EXERCISE INSTRUCTIONS: Could you please retype exactly the lines from the start of the records below through the line that contains "#35=VECTOR('',#34,1.);", both included, and leave out the pictures?

DATA FOR THIS EXERCISE:
-.-.-
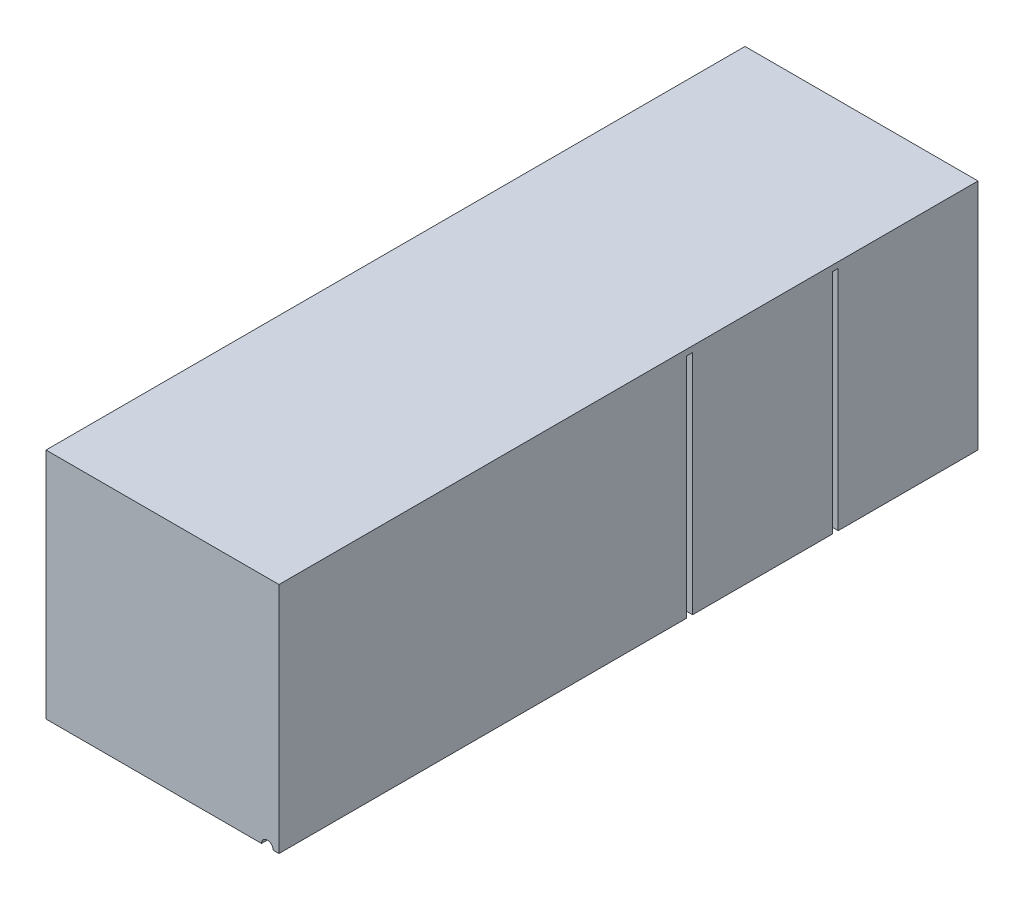
ISO-10303-21;
HEADER;
FILE_DESCRIPTION(('STEP AP214'),'2;1');
FILE_NAME('part.step','',(''),(''),'','','');
FILE_SCHEMA(('AUTOMOTIVE_DESIGN { 1 0 10303 214 1 1 1 1 }'));
ENDSEC;
DATA;
#1=APPLICATION_CONTEXT('core data for automotive mechanical design processes');
#2=APPLICATION_PROTOCOL_DEFINITION('international standard','automotive_design',2000,#1);
#3=PRODUCT_CONTEXT('',#1,'mechanical');
#4=PRODUCT('Part','Part','',(#3));
#5=PRODUCT_RELATED_PRODUCT_CATEGORY('part','',(#4));
#6=PRODUCT_DEFINITION_FORMATION('','',#4);
#7=PRODUCT_DEFINITION_CONTEXT('part definition',#1,'design');
#8=PRODUCT_DEFINITION('design','',#6,#7);
#9=PRODUCT_DEFINITION_SHAPE('','',#8);
#10=(LENGTH_UNIT() NAMED_UNIT(*) SI_UNIT(.MILLI.,.METRE.));
#11=(NAMED_UNIT(*) PLANE_ANGLE_UNIT() SI_UNIT($,.RADIAN.));
#12=(NAMED_UNIT(*) SI_UNIT($,.STERADIAN.) SOLID_ANGLE_UNIT());
#13=UNCERTAINTY_MEASURE_WITH_UNIT(LENGTH_MEASURE(1.E-05),#10,'distance_accuracy_value','');
#14=(GEOMETRIC_REPRESENTATION_CONTEXT(3) GLOBAL_UNCERTAINTY_ASSIGNED_CONTEXT((#13)) GLOBAL_UNIT_ASSIGNED_CONTEXT((#10,
#11,#12)) REPRESENTATION_CONTEXT('',''));
#15=CARTESIAN_POINT('',(0.,0.,0.));
#16=DIRECTION('',(0.,0.,1.));
#17=DIRECTION('',(1.,0.,0.));
#18=AXIS2_PLACEMENT_3D('',#15,#16,#17);
#19=CARTESIAN_POINT('',(148.,29.8959813156576,127.860636733485));
#20=DIRECTION('',(0.,1.,0.));
#21=DIRECTION('',(-1.,0.,0.));
#22=AXIS2_PLACEMENT_3D('',#19,#20,#21);
#23=PLANE('',#22);
#24=DIRECTION('',(0.,0.,-1.));
#25=VECTOR('',#24,1.);
#26=CARTESIAN_POINT('',(148.,29.8959813156576,127.860636733485));
#27=LINE('',#26,#25);
#28=CARTESIAN_POINT('',(148.,29.8959813156576,56.8606367334853));
#29=VERTEX_POINT('',#28);
#30=CARTESIAN_POINT('',(148.,29.8959813156576,32.8606367334853));
#31=VERTEX_POINT('',#30);
#32=EDGE_CURVE('E234',#29,#31,#27,.T.);
#33=ORIENTED_EDGE('',*,*,#32,.F.);
#34=DIRECTION('',(1.,0.,0.));
#35=VECTOR('',#34,1.);
#36=CARTESIAN_POINT('',(148.,29.8959813156576,56.8606367334853));
#37=LINE('',#36,#35);
#38=CARTESIAN_POINT('',(108.,29.8959813156576,56.8606367334853));
#39=VERTEX_POINT('',#38);
#40=EDGE_CURVE('E163',#39,#29,#37,.T.);
#41=ORIENTED_EDGE('',*,*,#40,.F.);
#42=DIRECTION('',(0.,0.,-1.));
#43=VECTOR('',#42,1.);
#44=CARTESIAN_POINT('',(108.,29.8959813156576,127.860636733485));
#45=LINE('',#44,#43);
#46=CARTESIAN_POINT('',(108.,29.8959813156576,32.8606367334853));
#47=VERTEX_POINT('',#46);
#48=EDGE_CURVE('E237',#39,#47,#45,.T.);
#49=ORIENTED_EDGE('',*,*,#48,.T.);
#50=DIRECTION('',(-1.,0.,0.));
#51=VECTOR('',#50,1.);
#52=CARTESIAN_POINT('',(148.,29.8959813156576,32.8606367334853));
#53=LINE('',#52,#51);
#54=EDGE_CURVE('E187',#31,#47,#53,.T.);
#55=ORIENTED_EDGE('',*,*,#54,.F.);
#56=EDGE_LOOP('',(#33,#41,#49,#55));
#57=FACE_BOUND('',#56,.T.);
#58=ADVANCED_FACE('F42',(#57),#23,.F.);
#59=CARTESIAN_POINT('',(108.,29.8959813156576,127.860636733485));
#60=VERTEX_POINT('',#59);
#61=CARTESIAN_POINT('',(108.,29.8959813156576,57.8606367334853));
#62=VERTEX_POINT('',#61);
#63=EDGE_CURVE('E235',#60,#62,#45,.T.);
#64=ORIENTED_EDGE('',*,*,#63,.T.);
#65=DIRECTION('',(-1.,0.,0.));
#66=VECTOR('',#65,1.);
#67=CARTESIAN_POINT('',(148.,29.8959813156576,57.8606367334853));
#68=LINE('',#67,#66);
#69=CARTESIAN_POINT('',(145.,29.8959813156576,57.8606367334853));
#70=VERTEX_POINT('',#69);
#71=EDGE_CURVE('E190',#70,#62,#68,.T.);
#72=ORIENTED_EDGE('',*,*,#71,.F.);
#73=DIRECTION('',(0.,0.,1.));
#74=VECTOR('',#73,1.);
#75=CARTESIAN_POINT('',(145.,29.8959813156576,57.8606367334853));
#76=LINE('',#75,#74);
#77=CARTESIAN_POINT('',(145.,29.8959813156576,127.860636733485));
#78=VERTEX_POINT('',#77);
#79=EDGE_CURVE('E206',#70,#78,#76,.T.);
#80=ORIENTED_EDGE('',*,*,#79,.T.);
#81=DIRECTION('',(1.,0.,0.));
#82=VECTOR('',#81,1.);
#83=CARTESIAN_POINT('',(148.,29.8959813156576,127.860636733485));
#84=LINE('',#83,#82);
#85=EDGE_CURVE('E219',#60,#78,#84,.T.);
#86=ORIENTED_EDGE('',*,*,#85,.F.);
#87=EDGE_LOOP('',(#64,#72,#80,#86));
#88=FACE_BOUND('',#87,.T.);
#89=ADVANCED_FACE('F283',(#88),#23,.F.);
#90=CARTESIAN_POINT('',(148.,29.8959813156576,31.8606367334853));
#91=VERTEX_POINT('',#90);
#92=CARTESIAN_POINT('',(148.,29.8959813156576,7.86063673348532));
#93=VERTEX_POINT('',#92);
#94=EDGE_CURVE('E222',#91,#93,#27,.T.);
#95=ORIENTED_EDGE('',*,*,#94,.F.);
#96=DIRECTION('',(1.,0.,0.));
#97=VECTOR('',#96,1.);
#98=CARTESIAN_POINT('',(148.,29.8959813156576,31.8606367334853));
#99=LINE('',#98,#97);
#100=CARTESIAN_POINT('',(108.,29.8959813156576,31.8606367334853));
#101=VERTEX_POINT('',#100);
#102=EDGE_CURVE('E185',#101,#91,#99,.T.);
#103=ORIENTED_EDGE('',*,*,#102,.F.);
#104=CARTESIAN_POINT('',(108.,29.8959813156576,7.86063673348532));
#105=VERTEX_POINT('',#104);
#106=EDGE_CURVE('E233',#101,#105,#45,.T.);
#107=ORIENTED_EDGE('',*,*,#106,.T.);
#108=DIRECTION('',(1.,0.,0.));
#109=VECTOR('',#108,1.);
#110=CARTESIAN_POINT('',(148.,29.8959813156576,7.86063673348532));
#111=LINE('',#110,#109);
#112=EDGE_CURVE('E214',#105,#93,#111,.T.);
#113=ORIENTED_EDGE('',*,*,#112,.T.);
#114=EDGE_LOOP('',(#95,#103,#107,#113));
#115=FACE_BOUND('',#114,.T.);
#116=ADVANCED_FACE('F254',(#115),#23,.F.);
#117=CARTESIAN_POINT('',(148.,69.8959813156576,127.860636733485));
#118=DIRECTION('',(-1.,0.,0.));
#119=DIRECTION('',(0.,0.,1.));
#120=AXIS2_PLACEMENT_3D('',#117,#118,#119);
#121=PLANE('',#120);
#122=DIRECTION('',(0.,0.,1.));
#123=VECTOR('',#122,1.);
#124=CARTESIAN_POINT('',(148.,68.8959813156576,57.8606367334853));
#125=LINE('',#124,#123);
#126=CARTESIAN_POINT('',(148.,68.8959813156576,56.8606367334853));
#127=VERTEX_POINT('',#126);
#128=CARTESIAN_POINT('',(148.,68.8959813156576,57.8606367334853));
#129=VERTEX_POINT('',#128);
#130=EDGE_CURVE('E154',#127,#129,#125,.T.);
#131=ORIENTED_EDGE('',*,*,#130,.F.);
#132=DIRECTION('',(0.,-1.,0.));
#133=VECTOR('',#132,1.);
#134=CARTESIAN_POINT('',(148.,68.8959813156576,56.8606367334853));
#135=LINE('',#134,#133);
#136=EDGE_CURVE('E204',#127,#29,#135,.T.);
#137=ORIENTED_EDGE('',*,*,#136,.T.);
#138=ORIENTED_EDGE('',*,*,#32,.T.);
#139=DIRECTION('',(0.,-1.,0.));
#140=VECTOR('',#139,1.);
#141=CARTESIAN_POINT('',(148.,68.8959813156576,32.8606367334853));
#142=LINE('',#141,#140);
#143=CARTESIAN_POINT('',(148.,68.8959813156576,32.8606367334853));
#144=VERTEX_POINT('',#143);
#145=EDGE_CURVE('E57',#144,#31,#142,.T.);
#146=ORIENTED_EDGE('',*,*,#145,.F.);
#147=DIRECTION('',(0.,0.,1.));
#148=VECTOR('',#147,1.);
#149=CARTESIAN_POINT('',(148.,68.8959813156576,32.8606367334853));
#150=LINE('',#149,#148);
#151=CARTESIAN_POINT('',(148.,68.8959813156576,31.8606367334853));
#152=VERTEX_POINT('',#151);
#153=EDGE_CURVE('E188',#152,#144,#150,.T.);
#154=ORIENTED_EDGE('',*,*,#153,.F.);
#155=DIRECTION('',(0.,-1.,0.));
#156=VECTOR('',#155,1.);
#157=CARTESIAN_POINT('',(148.,68.8959813156576,31.8606367334853));
#158=LINE('',#157,#156);
#159=EDGE_CURVE('E182',#152,#91,#158,.T.);
#160=ORIENTED_EDGE('',*,*,#159,.T.);
#161=ORIENTED_EDGE('',*,*,#94,.T.);
#162=DIRECTION('',(0.,1.,0.));
#163=VECTOR('',#162,1.);
#164=CARTESIAN_POINT('',(148.,69.8959813156576,7.86063673348532));
#165=LINE('',#164,#163);
#166=CARTESIAN_POINT('',(148.,69.8959813156576,7.86063673348532));
#167=VERTEX_POINT('',#166);
#168=EDGE_CURVE('E209',#93,#167,#165,.T.);
#169=ORIENTED_EDGE('',*,*,#168,.T.);
#170=DIRECTION('',(0.,0.,-1.));
#171=VECTOR('',#170,1.);
#172=CARTESIAN_POINT('',(148.,69.8959813156576,127.860636733485));
#173=LINE('',#172,#171);
#174=CARTESIAN_POINT('',(148.,69.8959813156576,127.860636733485));
#175=VERTEX_POINT('',#174);
#176=EDGE_CURVE('E11',#175,#167,#173,.T.);
#177=ORIENTED_EDGE('',*,*,#176,.F.);
#178=DIRECTION('',(0.,1.,0.));
#179=VECTOR('',#178,1.);
#180=CARTESIAN_POINT('',(148.,69.8959813156576,127.860636733485));
#181=LINE('',#180,#179);
#182=CARTESIAN_POINT('',(148.,29.8959813156576,127.860636733485));
#183=VERTEX_POINT('',#182);
#184=EDGE_CURVE('E210',#183,#175,#181,.T.);
#185=ORIENTED_EDGE('',*,*,#184,.F.);
#186=CARTESIAN_POINT('',(148.,29.8959813156576,57.8606367334853));
#187=VERTEX_POINT('',#186);
#188=EDGE_CURVE('E168',#183,#187,#27,.T.);
#189=ORIENTED_EDGE('',*,*,#188,.T.);
#190=DIRECTION('',(0.,-1.,0.));
#191=VECTOR('',#190,1.);
#192=CARTESIAN_POINT('',(148.,68.8959813156576,57.8606367334853));
#193=LINE('',#192,#191);
#194=EDGE_CURVE('E147',#129,#187,#193,.T.);
#195=ORIENTED_EDGE('',*,*,#194,.F.);
#196=EDGE_LOOP('',(#131,#137,#138,#146,#154,#160,#161,#169,#177,#185,#189,#195));
#197=FACE_BOUND('',#196,.T.);
#198=ADVANCED_FACE('F44',(#197),#121,.F.);
#199=CARTESIAN_POINT('',(148.,69.8959813156576,127.860636733485));
#200=DIRECTION('',(0.,-1.,0.));
#201=DIRECTION('',(0.,0.,-1.));
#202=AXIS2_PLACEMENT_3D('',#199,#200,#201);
-.-.-
RESULT FOR THIS TASK:
ISO-10303-21;
HEADER;
FILE_DESCRIPTION(('STEP AP214'),'2;1');
FILE_NAME('part.step','',(''),(''),'','','');
FILE_SCHEMA(('AUTOMOTIVE_DESIGN { 1 0 10303 214 1 1 1 1 }'));
ENDSEC;
DATA;
#1=APPLICATION_CONTEXT('core data for automotive mechanical design processes');
#2=APPLICATION_PROTOCOL_DEFINITION('international standard','automotive_design',2000,#1);
#3=PRODUCT_CONTEXT('',#1,'mechanical');
#4=PRODUCT('Part','Part','',(#3));
#5=PRODUCT_RELATED_PRODUCT_CATEGORY('part','',(#4));
#6=PRODUCT_DEFINITION_FORMATION('','',#4);
#7=PRODUCT_DEFINITION_CONTEXT('part definition',#1,'design');
#8=PRODUCT_DEFINITION('design','',#6,#7);
#9=PRODUCT_DEFINITION_SHAPE('','',#8);
#10=(LENGTH_UNIT() NAMED_UNIT(*) SI_UNIT(.MILLI.,.METRE.));
#11=(NAMED_UNIT(*) PLANE_ANGLE_UNIT() SI_UNIT($,.RADIAN.));
#12=(NAMED_UNIT(*) SI_UNIT($,.STERADIAN.) SOLID_ANGLE_UNIT());
#13=UNCERTAINTY_MEASURE_WITH_UNIT(LENGTH_MEASURE(1.E-05),#10,'distance_accuracy_value','');
#14=(GEOMETRIC_REPRESENTATION_CONTEXT(3) GLOBAL_UNCERTAINTY_ASSIGNED_CONTEXT((#13)) GLOBAL_UNIT_ASSIGNED_CONTEXT((#10,
#11,#12)) REPRESENTATION_CONTEXT('',''));
#15=CARTESIAN_POINT('',(0.,0.,0.));
#16=DIRECTION('',(0.,0.,1.));
#17=DIRECTION('',(1.,0.,0.));
#18=AXIS2_PLACEMENT_3D('',#15,#16,#17);
#19=CARTESIAN_POINT('',(148.,29.8959813156576,127.860636733485));
#20=DIRECTION('',(0.,1.,0.));
#21=DIRECTION('',(-1.,0.,0.));
#22=AXIS2_PLACEMENT_3D('',#19,#20,#21);
#23=PLANE('',#22);
#24=DIRECTION('',(0.,0.,-1.));
#25=VECTOR('',#24,1.);
#26=CARTESIAN_POINT('',(148.,29.8959813156576,127.860636733485));
#27=LINE('',#26,#25);
#28=CARTESIAN_POINT('',(148.,29.8959813156576,56.8606367334853));
#29=VERTEX_POINT('',#28);
#30=CARTESIAN_POINT('',(148.,29.8959813156576,32.8606367334853));
#31=VERTEX_POINT('',#30);
#32=EDGE_CURVE('E234',#29,#31,#27,.T.);
#33=ORIENTED_EDGE('',*,*,#32,.F.);
#34=DIRECTION('',(1.,0.,0.));
#35=VECTOR('',#34,1.);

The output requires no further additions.